CT80 carbon steel exhibits a stronger dependence on the T-PT coupling feature. After introducing this feature combination, the model prediction error significantly decreases and the high-accuracy prediction points become more concentrated, reflecting the important role of temperature and pressure in the corrosion behavior of this material. The model assigns the highest weight (0.5452) to the T-PT coupling feature, and the predictions show that under high-temperature and high-pressure conditions the corrosion rate increases sharply. The interpretability analysis indicates that temperature accelerates the reaction kinetics while pressure increases gas solubility, jointly promoting corrosion; therefore, temperature control should be prioritized in the field. It is worth noting that although characteristics such as time and flow velocity appear in all combinations, the introduction of the T-PT coupling term also enhances the synergistic representation capability of these fundamental parameters.
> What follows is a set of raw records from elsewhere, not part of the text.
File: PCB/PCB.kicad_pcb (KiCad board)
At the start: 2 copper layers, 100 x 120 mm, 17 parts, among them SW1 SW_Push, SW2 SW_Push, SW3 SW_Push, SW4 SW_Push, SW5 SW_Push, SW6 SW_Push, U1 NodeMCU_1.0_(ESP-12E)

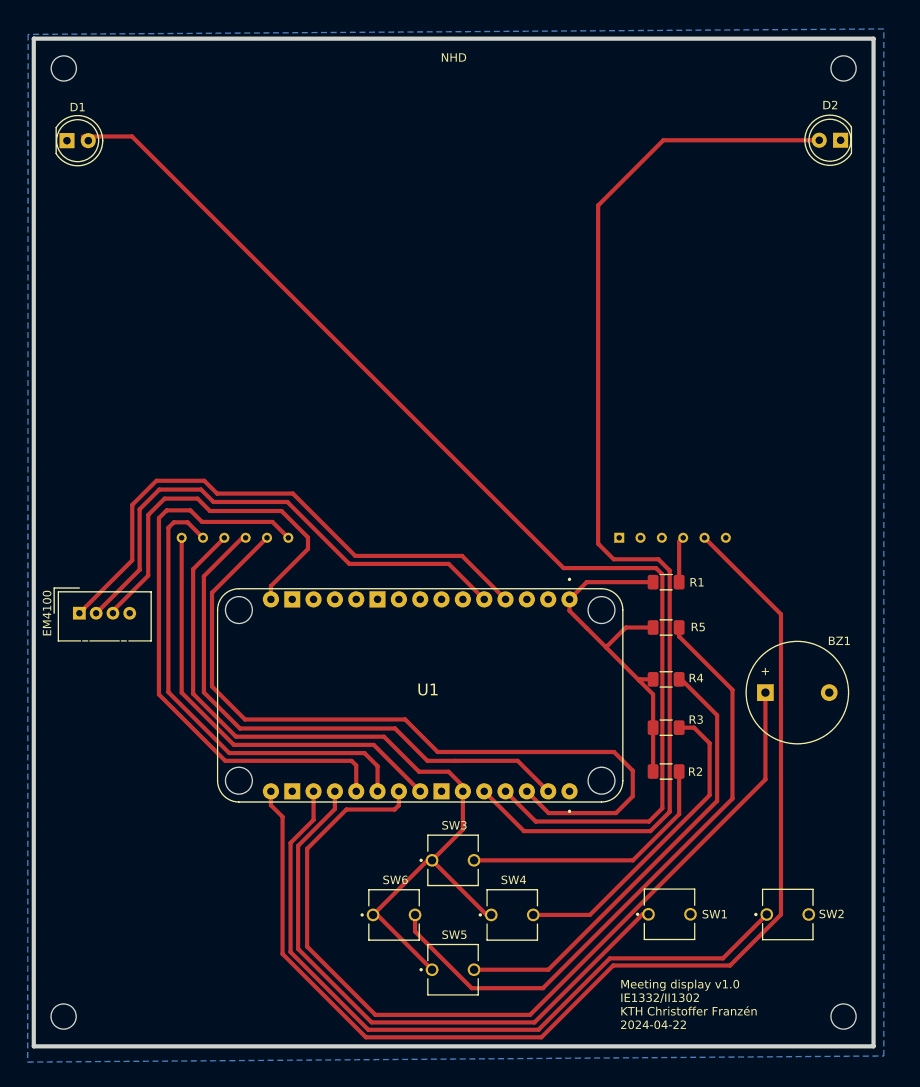
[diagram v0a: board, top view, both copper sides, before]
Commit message: drawn new PCB based on feedback
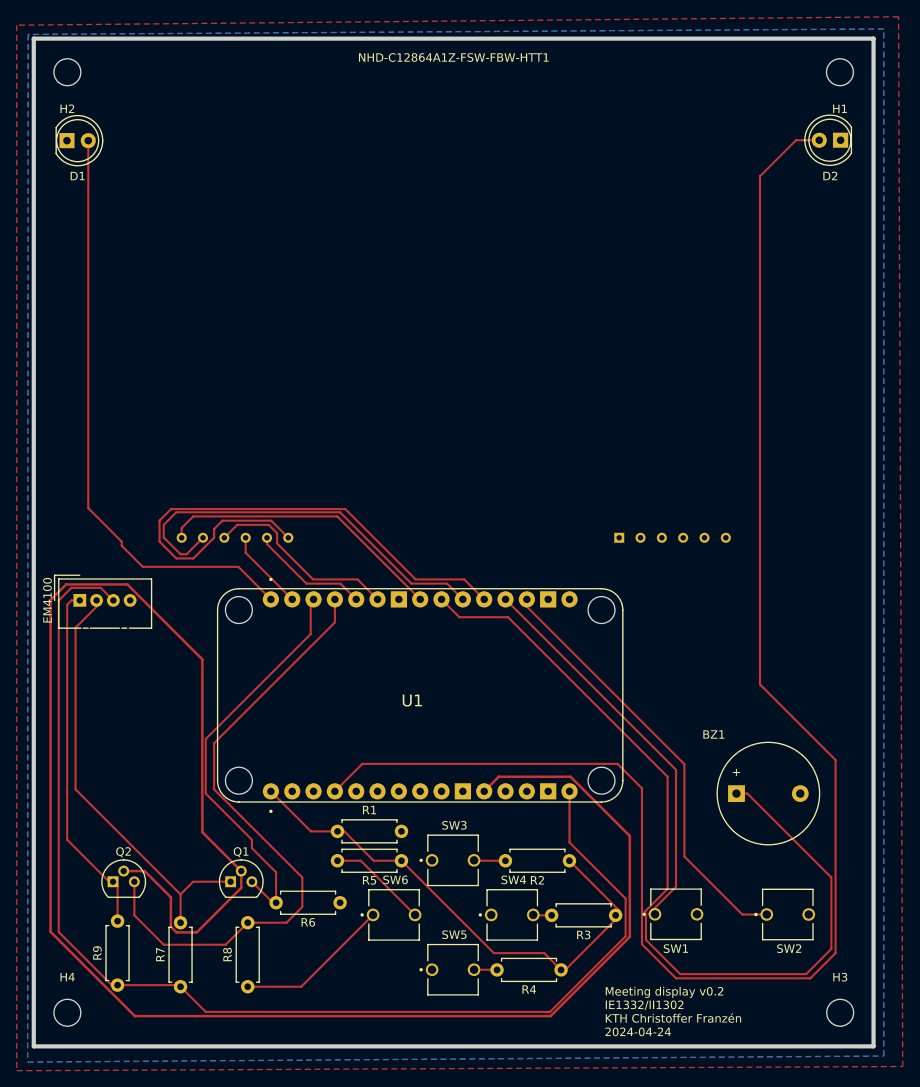
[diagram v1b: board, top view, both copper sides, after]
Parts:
- added H1: MountingHole_Pad, MountingHole:MountingHole_3.2mm_M3, F.Cu at (183.5, 30.1)
- added H2: MountingHole_Pad, MountingHole:MountingHole_3.2mm_M3, F.Cu at (91.5, 30.1)
- added H3: MountingHole_Pad, MountingHole:MountingHole_3.2mm_M3, F.Cu at (183.6, 142.1)
- added H4: MountingHole_Pad, MountingHole:MountingHole_3.2mm_M3, F.Cu at (91.5, 142.1)
- added Q1: NMOS, Package_TO_SOT_THT:TO-92, F.Cu at (111.0, 126.5)
- added Q2: NMOS, Package_TO_SOT_THT:TO-92, F.Cu at (97.0, 126.5)
- added R6: 10k, Resistor_THT:R_Axial_DIN0207_L6.3mm_D2.5mm_P7.62mm_Horizontal, F.Cu at (124.0, 129.0)
- added R7: 10k, Resistor_THT:R_Axial_DIN0207_L6.3mm_D2.5mm_P7.62mm_Horizontal, F.Cu at (105.0, 139.0)
- added R8: 10k, Resistor_THT:R_Axial_DIN0207_L6.3mm_D2.5mm_P7.62mm_Horizontal, F.Cu at (113.0, 139.0)
- added R9: 10k, Resistor_THT:R_Axial_DIN0207_L6.3mm_D2.5mm_P7.62mm_Horizontal, F.Cu at (97.5, 138.8)
- R1, R2, R3, R4, R5: footprint Resistor_SMD:R_1206_3216Metric_Pad1.30x1.75mm_HandSolder -> Resistor_THT:R_Axial_DIN0207_L6.3mm_D2.5mm_P7.62mm_Horizontal
- moved R1 43.3 mm to (131.3, 120.5)
- moved R5 42.0 mm to (131.3, 124.0), turned to 180 degrees
- moved R4 36.8 mm to (150.3, 137.0), turned to 180 degrees
- moved R3 23.1 mm to (156.8, 130.5), turned to 180 degrees
- moved R2 15.7 mm to (151.3, 124.0), turned to 180 degrees
- moved BZ1 12.5 mm to (171.2, 116.0)
- moved EM4100 1.53 mm to (93.0, 93.0)
- moved SW1 0.78 mm to (164.0, 130.4)
- turned U1 to 90 degrees
- renumbered NHD to NHD-C12864A1Z-FSW-FBW-HTT1
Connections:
- net /Analog buttons renamed BUTTONS
- net Net-(BZ1-+) renamed BUZZER
- net Net-(NHD-C12864A1Z-FSW-FBW-HTT1-A0) renamed A0
- net Net-(NHD-C12864A1Z-FSW-FBW-HTT1-SCL) renamed SCL
- net Net-(NHD-C12864A1Z-FSW-FBW-HTT1-SI) renamed SI
- net Net-(NHD-C12864A1Z-FSW-FBW-HTT1-~{CS}) renamed ~{CS}
- net Net-(U1-RX(DPIO3)) renamed SW1
- net Net-(U1-TX(GPIO1)) renamed SW2
- net VCC renamed +5V
- D1 pad 2: Net-(D1-A) -> RED
- D2 pad 2: Net-(D2-A) -> GREEN
- EM4100 pad 1: Net-(EM4100-TX) -> HV2
- EM4100 pad 2: Net-(EM4100-RX) -> HV1
- NHD-C12864A1Z-FSW-FBW-HTT1 pad 11: Net-(NHD-C12864A1Z-FSW-FBW-HTT1-LED+) -> +3.3V
- NHD-C12864A1Z-FSW-FBW-HTT1 pad 3: Net-(NHD-C12864A1Z-FSW-FBW-HTT1-VDD) -> +3.3V
- NHD-C12864A1Z-FSW-FBW-HTT1 pad 5: Net-(NHD-C12864A1Z-FSW-FBW-HTT1-~{RESET}) -> ~{RESET}
- SW3 pad 1: Net-(NHD-C12864A1Z-FSW-FBW-HTT1-VDD) -> +3.3V
- SW4 pad 1: Net-(NHD-C12864A1Z-FSW-FBW-HTT1-VDD) -> +3.3V
- SW5 pad 1: Net-(NHD-C12864A1Z-FSW-FBW-HTT1-VDD) -> +3.3V
- SW6 pad 1: Net-(NHD-C12864A1Z-FSW-FBW-HTT1-VDD) -> +3.3V
- U1 pad 11: unconnected-(U1-3.3V-Pad11) -> +3.3V
- U1 pad 16: Net-(NHD-C12864A1Z-FSW-FBW-HTT1-LED+) -> +3.3V
- U1 pad 25: Net-(NHD-C12864A1Z-FSW-FBW-HTT1-VDD) -> +3.3V
- U1 pad 26: Net-(D2-A) -> ~{RESET}
- U1 pad 27: Net-(D1-A) -> LV2
- U1 pad 28: Net-(NHD-C12864A1Z-FSW-FBW-HTT1-~{RESET}) -> LV1
- U1 pad 30: unconnected-(U1-D0(GPIO16)-Pad30) -> RED
- U1 pad 4: Net-(EM4100-TX) -> GREEN
- U1 pad 5: Net-(EM4100-RX) -> unconnected-(U1-SD2(GPIO9)-Pad5)
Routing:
- net +3.3V: track 0.00 -> 264.2 mm
- net GREEN: track 0.00 -> 188.7 mm
- net Net-(D1-A): track 139.3 -> 0.00 mm
- net Net-(NHD-C12864A1Z-FSW-FBW-HTT1-LED+): track 138.1 -> 0.00 mm
- net Net-(D2-A): track 133.4 -> 0.00 mm
- net +5V: track 44.4 -> 142.9 mm
- net Net-(NHD-C12864A1Z-FSW-FBW-HTT1-VDD): track 96.9 -> 0.00 mm
- net Net-(NHD-C12864A1Z-FSW-FBW-HTT1-~{RESET}): track 92.2 -> 0.00 mm
- net LV2: track 0.00 -> 74.2 mm
- net RED: track 0.00 -> 70.3 mm
- net Net-(EM4100-TX): track 67.0 -> 0.00 mm
- net Net-(R5-Pad2): track 74.9 -> 11.9 mm
- net Net-(EM4100-RX): track 61.9 -> 0.00 mm
- net A0: track 66.6 -> 9.63 mm
- net HV1: track 0.00 -> 51.2 mm
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- added copper zone on F.Cu, net +3.3V
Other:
- outline, holes or cut-outs redrawn
- board text added: "Meeting display v0.2 IE1332/II1302 KTH Christoffer Franzén 2024-04-24"
- board text removed: "Meeting display v1.0 IE1332/II1302 KTH Christoffer Franzén 2024-04-22"

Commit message: small fix
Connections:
- U1 pad 10: unconnected-(U1-GND-Pad10) -> GND
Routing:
- net LV2: track 74.2 -> 69.7 mm
- net LV1: track 48.8 -> 45.2 mm

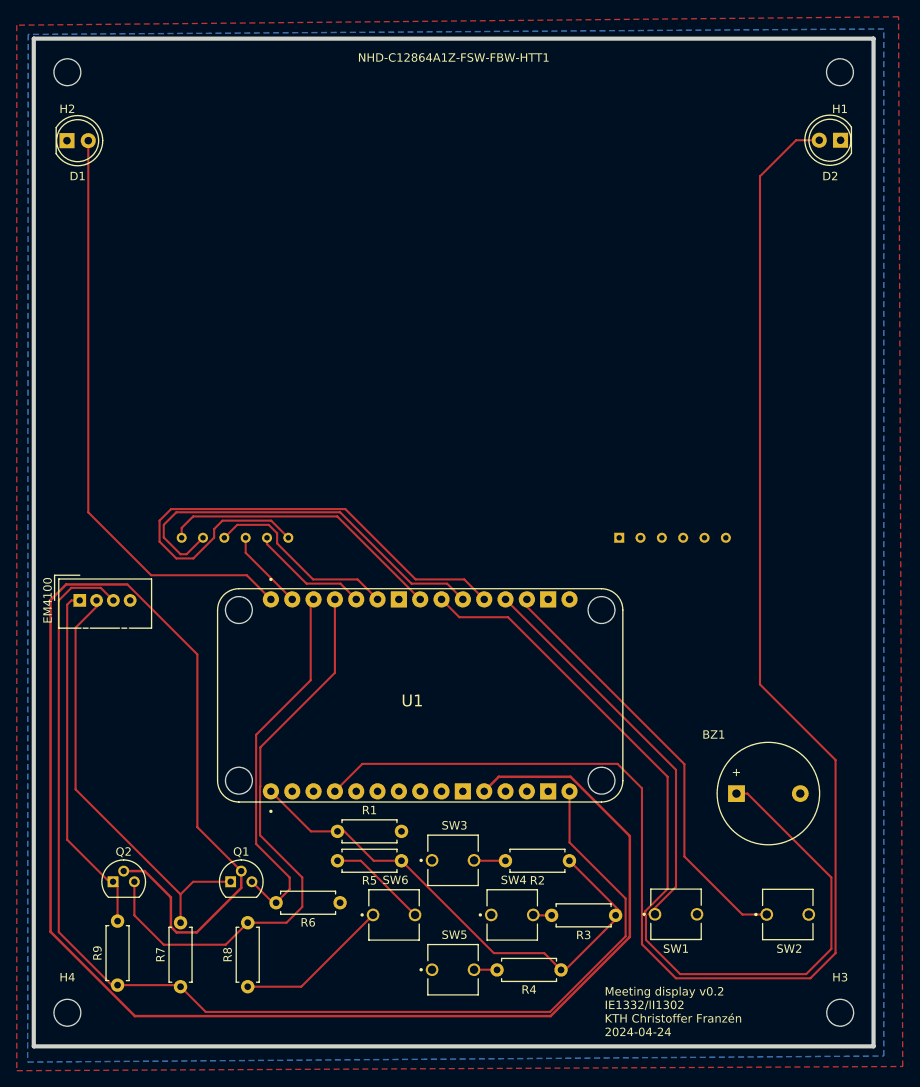
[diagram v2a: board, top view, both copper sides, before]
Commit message: Fixed all errors and drawn tracks on 2nd layer
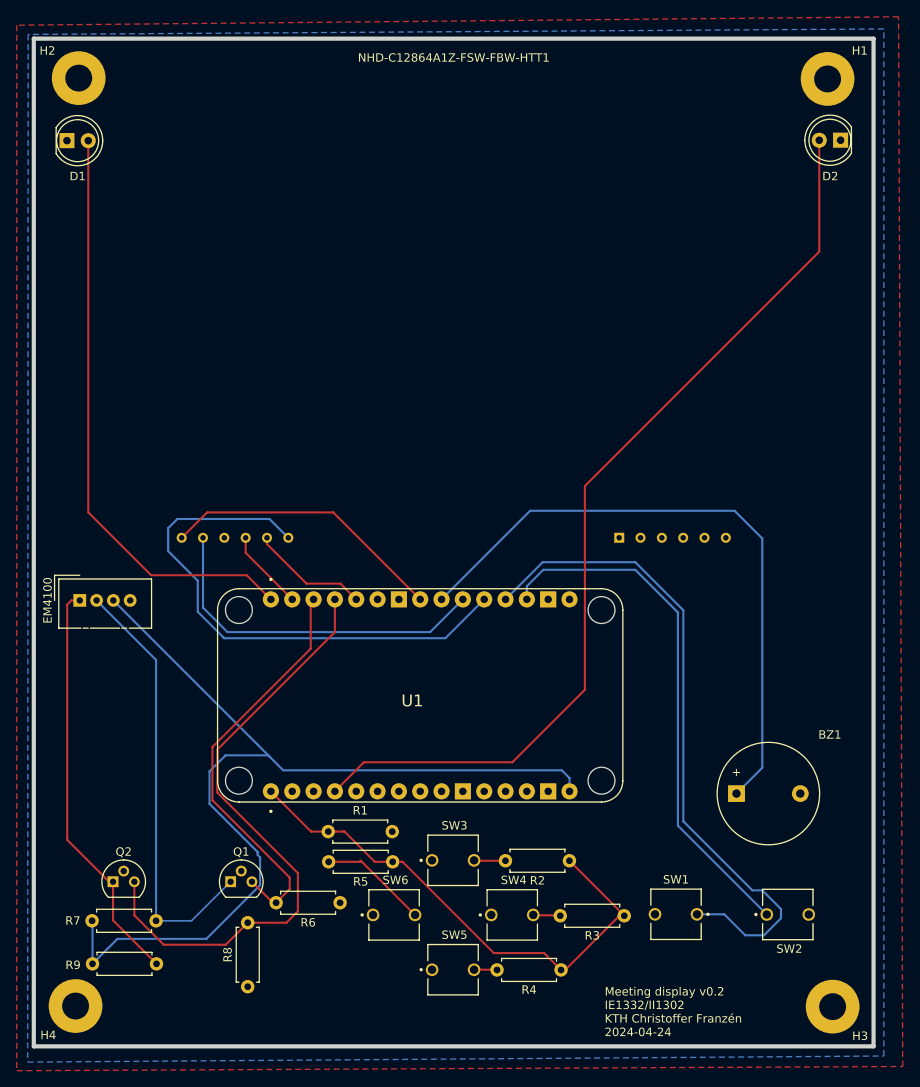
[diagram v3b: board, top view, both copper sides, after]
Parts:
- H1, H2, H3, H4: footprint MountingHole:MountingHole_3.2mm_M3 -> MountingHole:MountingHole_3.2mm_M3_Pad
- moved R7 13.1 mm to (94.5, 131.2), turned to 0 degrees
- moved R9 3.92 mm to (94.5, 136.3), turned to 0 degrees
- moved H1 1.68 mm to (182.1, 30.9)
- moved H2 1.52 mm to (92.9, 30.8)
- moved H4 1.26 mm to (92.5, 141.3)
- moved H3 1.16 mm to (182.7, 141.4)
- moved R1 1.10 mm to (130.2, 120.5)
- moved R5 1.06 mm to (130.3, 124.1)
- moved R3 1.03 mm to (157.8, 130.6)
- turned SW1 to 180 degrees
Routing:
- net +3.3V: track 264.2 -> 0.00 mm
- net GREEN: track 188.7 -> 111.8 mm
- net SW1: track 47.3 -> 79.4 mm
- net BUZZER: track 105.2 -> 75.6 mm
- net +5V: track 142.9 -> 117.9 mm
- net SW2: track 51.1 -> 62.8 mm
- net HV2: track 42.2 -> 49.9 mm
- net SI: track 48.4 -> 42.1 mm
- net LV1: track 45.2 -> 49.5 mm
- net LV2: track 69.7 -> 73.5 mm
- net ~{CS}: track 65.7 -> 64.5 mm
- net Net-(R5-Pad2): track 11.9 -> 13.0 mm
- net HV1: track 51.2 -> 52.0 mm

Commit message: inital final
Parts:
- moved Q1 1.63 mm to (109.3, 126.4)
- moved H2 0.21 mm to (92.7, 30.9)
- renumbered NHD-C12864A1Z-FSW-FBW-HTT1 to NHD
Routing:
- net LV1: track 49.5 -> 51.4 mm
- net RED: track 70.3 -> 69.5 mm
- net HV1: track 52.0 -> 51.3 mm
- net SW1: track 79.4 -> 78.7 mm
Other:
- board text added: "Meeting display v0.2 IE1332/II1302 KTH Christoffer Franzén 2024-04-25"
- board text removed: "Meeting display v0.2 IE1332/II1302 KTH Christoffer Franzén 2024-04-24"

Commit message: final
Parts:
- moved Q2 10.3 mm to (104.9, 133.0)
- moved R7 8.31 mm to (100.5, 136.8), turned to 90 degrees
- moved R9 8.31 mm to (100.6, 142.0)
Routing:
- net LV2: track 73.5 -> 59.7 mm
- net HV2: track 49.9 -> 62.8 mm
- net +5V: track 118.3 -> 114.4 mm
- net HV1: track 51.3 -> 49.3 mm

The predicted corrosion rate results for N80 steel show a distribution distinct from those of CT80 and 2205DSS, with the prediction accuracy strongly depending on the interaction of corrosive gases. Specifically, in the low-to-medium corrosion rate region (<4.0 mm/a), the model relies mainly on the CO2-H2S interaction term for prediction, and the predicted points lie densely near the ideal line, agreeing well with the measured values. However, when the actual corrosion rate exceeds 4.0 mm/a, the predicted points begin to deviate significantly from the ideal line, forming a distinct divergence zone. This phenomenon suggests that as the corrosion intensity increases, the corrosion mechanism of N80 steel may gradually shift from a CO2-H2S interaction-dominated mode to a composite mechanism governed by more localized factors such as pitting and flow field disturbance. The interpretability analysis indicates that the divergence at high corrosion rates stems from the absence of features describing corrosion product film rupture in the current model; therefore, relevant factors should be introduced in the future to improve prediction reliability in the high-corrosion-rate range.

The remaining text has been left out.